WHAT NEEDS TO BE DONE: Establish how many lines in the material below include the word "against", then give the count alone.

RECORD EXCERPTS:
◇ ◇ ◇ ◇ ◇ ◇ ◇
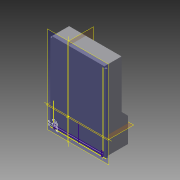
# Autodesk Inventor part: batteri
Saved by Autodesk Inventor 2015 (Build 190159000, 159)
## iProperties
Created: 2015-12-13
Part Number: batteri
Material: Generic
Document SubType Name: Modeling
Designer: abberik
Density: 1 g/cm^3
Appearance: Default
Mass: 35.2422 g
Surface Area: 357.302 cm^2
Volume: 35.2422 cm^3
Author: abberik
Autodesk Inventor part; units mm, degrees
sketch "Sketch1" plane through (0, 0, 0) normal (0, 1, 0) x (-1, 0, 0)
  line L0 (22.3723, -21.9307) -> (-45.6277, -21.9307)
  line L1 (-45.6277, -21.9307) -> (-45.6277, 74.5693)
  line L2 (-45.6277, 74.5693) -> (22.3723, 74.5693)
  line L3 (22.3723, 74.5693) -> (22.3723, -21.9307)
  point P0 (0, 0)
  dimension "d0" = 68
  dimension "d1" = 96.5
  constraints: 8 end point, 2 parallel, 1 horizontal, 1 perpendicular
  measures "d0" distance between parallel lines of L1 L3
  measures "d1" distance between parallel lines of L0 L2
extrude "Extrusion1" add sketch "Sketch1" along normal blind 2
sketch "Sketch3" plane through (0, 2, 0) normal (0, 1, 0) x (1, 0, 0)
  line L0 (-20.3723, 21.9307) -> (43.6277, 21.9307)
  line L1 (43.6277, 21.9307) -> (43.6277, -72.5693)
  line L2 (-20.3723, -72.5693) -> (-20.3723, 21.9307)
  line L3 (45.6277, 21.9307) -> (-22.3723, 21.9307) projected
  line L4 (-22.3723, 21.9307) -> (-22.3723, -74.5693) projected
  line L5 (-22.3723, -74.5693) -> (45.6277, -74.5693) projected
  line L6 (45.6277, -74.5693) -> (45.6277, 21.9307) projected
  line L7 (-20.3723, -72.5693) -> (-20.3723, -74.5693)
  line L8 (-22.3723, -74.5693) -> (45.6277, -74.5693) projected
  line L9 (43.6277, -74.5693) -> (43.6277, -72.5693)
  line L10 (-18.3723, -72.5693) -> (41.6277, -72.5693)
  line L11 (41.6277, -72.5693) -> (41.6277, 21.9307)
  line L12 (41.6277, 21.9307) -> (-18.3723, 21.9307)
  line L13 (-18.3723, 21.9307) -> (-18.3723, -72.5693)
  point P0 (0, 0)
  dimension "d4" = 0
  dimension "d5" = 2
  dimension "d7" = 2
  dimension "d8" = 0
  dimension "d9" = 2
  dimension "d10" = 2
  dimension "d11" = 2
  constraints: 18 end point, 4 perpendicular, 3 parallel, 2 horizontal, 2 point on line
  measures "d4" distance between parallel lines of L3 L0
  measures "d5" distance between parallel lines of L6 L1
  measures "d7" distance between parallel lines of L4 L2
  measures "d8" distance between parallel lines of L0 L12
  measures "d9" distance between parallel lines of L2 L13
  measures "d10" distance between parallel lines of L1 L11
  measures "d11" distance between parallel lines of L5 L10
extrude "Extrusion2" add sketch "Sketch3" along normal blind 25 contours L0 L13 L10 L11 L1 L9 L5 L7 L2
sketch "Sketch4" plane through (0, 27, 0) normal (0, 1, 0) x (1, 0, 0)
  line L0 (41.6277, 21.9307) -> (41.6277, -72.5693) projected
  line L1 (41.6277, -72.5693) -> (-18.3723, -72.5693) projected
  line L2 (-18.3723, -72.5693) -> (-18.3723, 21.9307) projected
  line L3 (-18.3723, 21.9307) -> (-20.3723, 21.9307) projected
  line L4 (-20.3723, 21.9307) -> (-20.3723, -74.5693) projected
  line L5 (-20.3723, -74.5693) -> (43.6277, -74.5693) projected
  line L6 (43.6277, -74.5693) -> (43.6277, 21.9307) projected
  line L7 (43.6277, 21.9307) -> (41.6277, 21.9307) projected
  line L8 (-20.3723, 21.9307) -> (43.6277, 21.9307)
  line L9 (43.6277, 21.9307) -> (43.6277, -74.5693)
  line L10 (43.6277, -74.5693) -> (-20.3723, -74.5693)
  line L11 (-20.3723, -74.5693) -> (-20.3723, 21.9307)
  point P0 (0, 0)
  constraints: 8 end point, 2 parallel, 1 horizontal, 1 perpendicular
extrude "Extrusion3" add sketch "Sketch4" along normal blind 2
sketch "Sketch5" plane through (0, 2, 0) normal (0, 1, 0) x (1, 0, 0)
  line L0 (43.6277, 21.9307) -> (43.6277, -74.5693) projected
  line L1 (43.6277, -74.5693) -> (45.6277, -74.5693) projected
  line L2 (45.6277, -74.5693) -> (45.6277, 21.9307) projected
  line L3 (45.6277, 21.9307) -> (43.6277, 21.9307) projected
  line L4 (-20.3723, -74.5693) -> (-20.3723, 21.9307) projected
  line L5 (-20.3723, 21.9307) -> (-22.3723, 21.9307) projected
  line L6 (-22.3723, 21.9307) -> (-22.3723, -74.5693) projected
  line L7 (-22.3723, -74.5693) -> (-20.3723, -74.5693) projected
  line L8 (-22.3723, -74.5693) -> (-20.3723, -74.5693)
  line L9 (-20.3723, -74.5693) -> (-20.3723, -72.5693)
  line L10 (-20.3723, -72.5693) -> (-22.3723, -72.5693)
  line L11 (-22.3723, -72.5693) -> (-22.3723, -74.5693)
  line L12 (43.6277, -74.5693) -> (43.6277, 21.9307) projected
  line L13 (45.6277, -74.5693) -> (43.6277, -74.5693)
  line L14 (43.6277, -74.5693) -> (43.6277, -72.5693)
  line L15 (43.6277, -72.5693) -> (45.6277, -72.5693)
  line L16 (45.6277, -72.5693) -> (45.6277, -74.5693)
  point P0 (0, 0)
  dimension "d16" = 2
  dimension "d17" = 2
  constraints: 16 end point, 4 parallel, 2 horizontal, 2 perpendicular, 1 point on line
  measures "d16" distance of L10.end L9.end
  measures "d17" distance of L9.end L8.end
extrude "Extrusion4" cut sketch "Sketch5" against normal blind 2 contours L15 L2 L1 L0 | L7 L6 L10 L4
sketch "Sketch6" plane through (-20.3723, 0, 74.5693) normal (-1, 0, 0) x (0, 0, 1)
  line L0 (-96.5, 29) -> (-69.5, 29)
  line L1 (-96.5, 29) -> (0, 29) projected
  line L2 (0, 0) -> (0, 29) projected
  line L3 (0, 19) -> (-59.5, 19)
  line L4 (-69.5, 29) -> (-59.5, 19)
  line L5 (-69.5, 29) -> (-55.3579, 29) construction
  line L6 (-69.5, 29) -> (0, 29)
  line L7 (0, 29) -> (0, 19)
  point P0 (-74.5693, 0)
  dimension "d20" = 27
  dimension "d21" = 10
  dimension "d22" = 45
  constraints: 12 end point, 3 horizontal, 2 point on line, 1 collinear, 1 equal length
  measures "d20" distance of L0.start L0.end
  measures "d21" distance between parallel lines of L1 L3
  measures "d22" angle of L4 L5
extrude "Extrusion5" cut sketch "Sketch6" against normal up to next
sketch "Sketch7" plane through (-20.3723, 2, -21.9307) normal (-1, 0, 0) x (0, 0, 1)
  line L0 (37, 17) -> (27, 27) projected
  line L1 (96.5, 17) -> (37, 17) projected
  line L2 (29.8284, 27) -> (37.8284, 19)
  line L3 (37.8284, 19) -> (96.5, 19)
  line L4 (27, 27) -> (29.8284, 27)
  line L5 (96.5, 17) -> (96.5, 19)
  point P0 (21.9307, -2)
  dimension "d25" = 2
  constraints: 8 end point, 1 horizontal, 1 vertical
  measures "d25" distance between parallel lines of L0 L2
extrude "Extrusion6" add sketch "Sketch7" against normal up to surface (64 mm away)
sketch "Sketch13" plane through (-20.3723, 2, -21.9307) normal (-1, 0, 0) x (0, 0, 1)
  line L0 (6, 2.4048) -> (16, 2.4048)
  line L1 (16, 2.4048) -> (16, 17.4048)
  line L2 (16, 17.4048) -> (6, 17.4048)
  line L3 (6, 17.4048) -> (6, 2.4048)
  line L4 (0, 0) -> (0, 27) projected
  point P0 (21.9307, -2)
  dimension "d46" = 10
  dimension "d47" = 15
  dimension "d50" = 6
  constraints: 8 end point, 2 parallel, 1 horizontal, 1 perpendicular
  measures "d46" distance of L2.end L1.end
  measures "d47" distance of L1.end L0.end
  measures "d50" distance between parallel lines of L4 L3
extrude "Extrusion7" cut sketch "Sketch13" against normal blind 2
sketch "Sketch14" plane through (0, 0, 0) normal (0, -1, 0) x (1, 0, 0)
  line L0 (-18.3723, 7.0693) -> (-18.3723, -21.9307) projected
  line L1 (41.6277, -21.9307) -> (41.6277, 7.0693) projected
  line L2 (-18.3723, -21.9307) -> (-16.3723, -21.9307)
  line L3 (-16.3723, -21.9307) -> (-16.3723, -19.9307)
  line L4 (-16.3723, -19.9307) -> (-18.3723, -19.9307)
  line L5 (-18.3723, -19.9307) -> (-18.3723, -21.9307)
  line L6 (-18.3723, -17.9307) -> (-16.3723, -17.9307)
  line L7 (-16.3723, -17.9307) -> (-16.3723, -15.9307)
  line L8 (-16.3723, -15.9307) -> (-18.3723, -15.9307)
  line L9 (-18.3723, -15.9307) -> (-18.3723, -17.9307)
  line L10 (-22.3723, -21.9307) -> (45.6277, -21.9307) projected
  line L11 (11.6277, -21.9307) -> (11.6277, 0)
  line L12 (39.6277, -21.9307) -> (39.6277, -19.9307)
  line L13 (39.6277, -19.9307) -> (41.6277, -19.9307)
  line L14 (41.6277, -17.9307) -> (39.6277, -17.9307)
  line L15 (39.6277, -17.9307) -> (39.6277, -15.9307)
  line L16 (39.6277, -15.9307) -> (41.6277, -15.9307)
  line L17 (39.6277, -21.9307) -> (41.6277, -21.9307)
  line L18 (41.6277, -19.9307) -> (41.6277, -21.9307)
  line L19 (41.6277, -17.9307) -> (41.6277, -15.9307)
  line L20 (41.6277, -19.9307) -> (41.6277, -17.9307)
  line L21 (39.6277, -17.9307) -> (39.6277, -19.9307)
  line L22 (-16.3723, -19.9307) -> (-16.3723, -17.9307)
  line L23 (-18.3723, -17.9307) -> (-18.3723, -19.9307)
  line L24 (-18.3723, -19.9307) -> (-16.3723, -19.9307)
  line L25 (-16.3723, -19.9307) -> (39.6277, -19.9307)
  line L26 (41.6277, 72.5693) -> (41.6277, -21.9307) projected
  line L27 (39.6277, -17.9307) -> (-16.3723, -17.9307)
  point P0 (0, 0)
  dimension "d51" = 2
  dimension "d52" = 2
  dimension "d53" = 2
  dimension "d54" = 2
  dimension "d55" = 2
  constraints: 48 end point, 7 symmetric about line, 5 parallel, 4 collinear, 4 perpendicular, 3 horizontal, 1 midpoint, 1 point on line, 1 vertical
  measures "d51" distance of L4.end L3.end
  measures "d52" distance of L3.end L2.end
  measures "d53" distance of L8.end L7.end
  measures "d54" distance of L7.end L6.end
  measures "d55" distance between parallel lines of L6 L4
extrude "Extrusion8" add sketch "Sketch14" against normal up to surface (27 mm away) contours L8 L7 L6 L0 | L4 L3 L2 L0 | L15 L16 L1 L14 | L13 L1 L10 L12
extrude "Extrusion10" cut sketch "Sketch14" against normal up to next contours L6 L22 L4 L0 | L27 L11 L25 L22 | L27 L21 L25 L11 | L14 L1 L13 L21
body "Solid1"
◇ ◇ ◇ ◇ ◇ ◇ ◇
YOUR RESPONSE: 6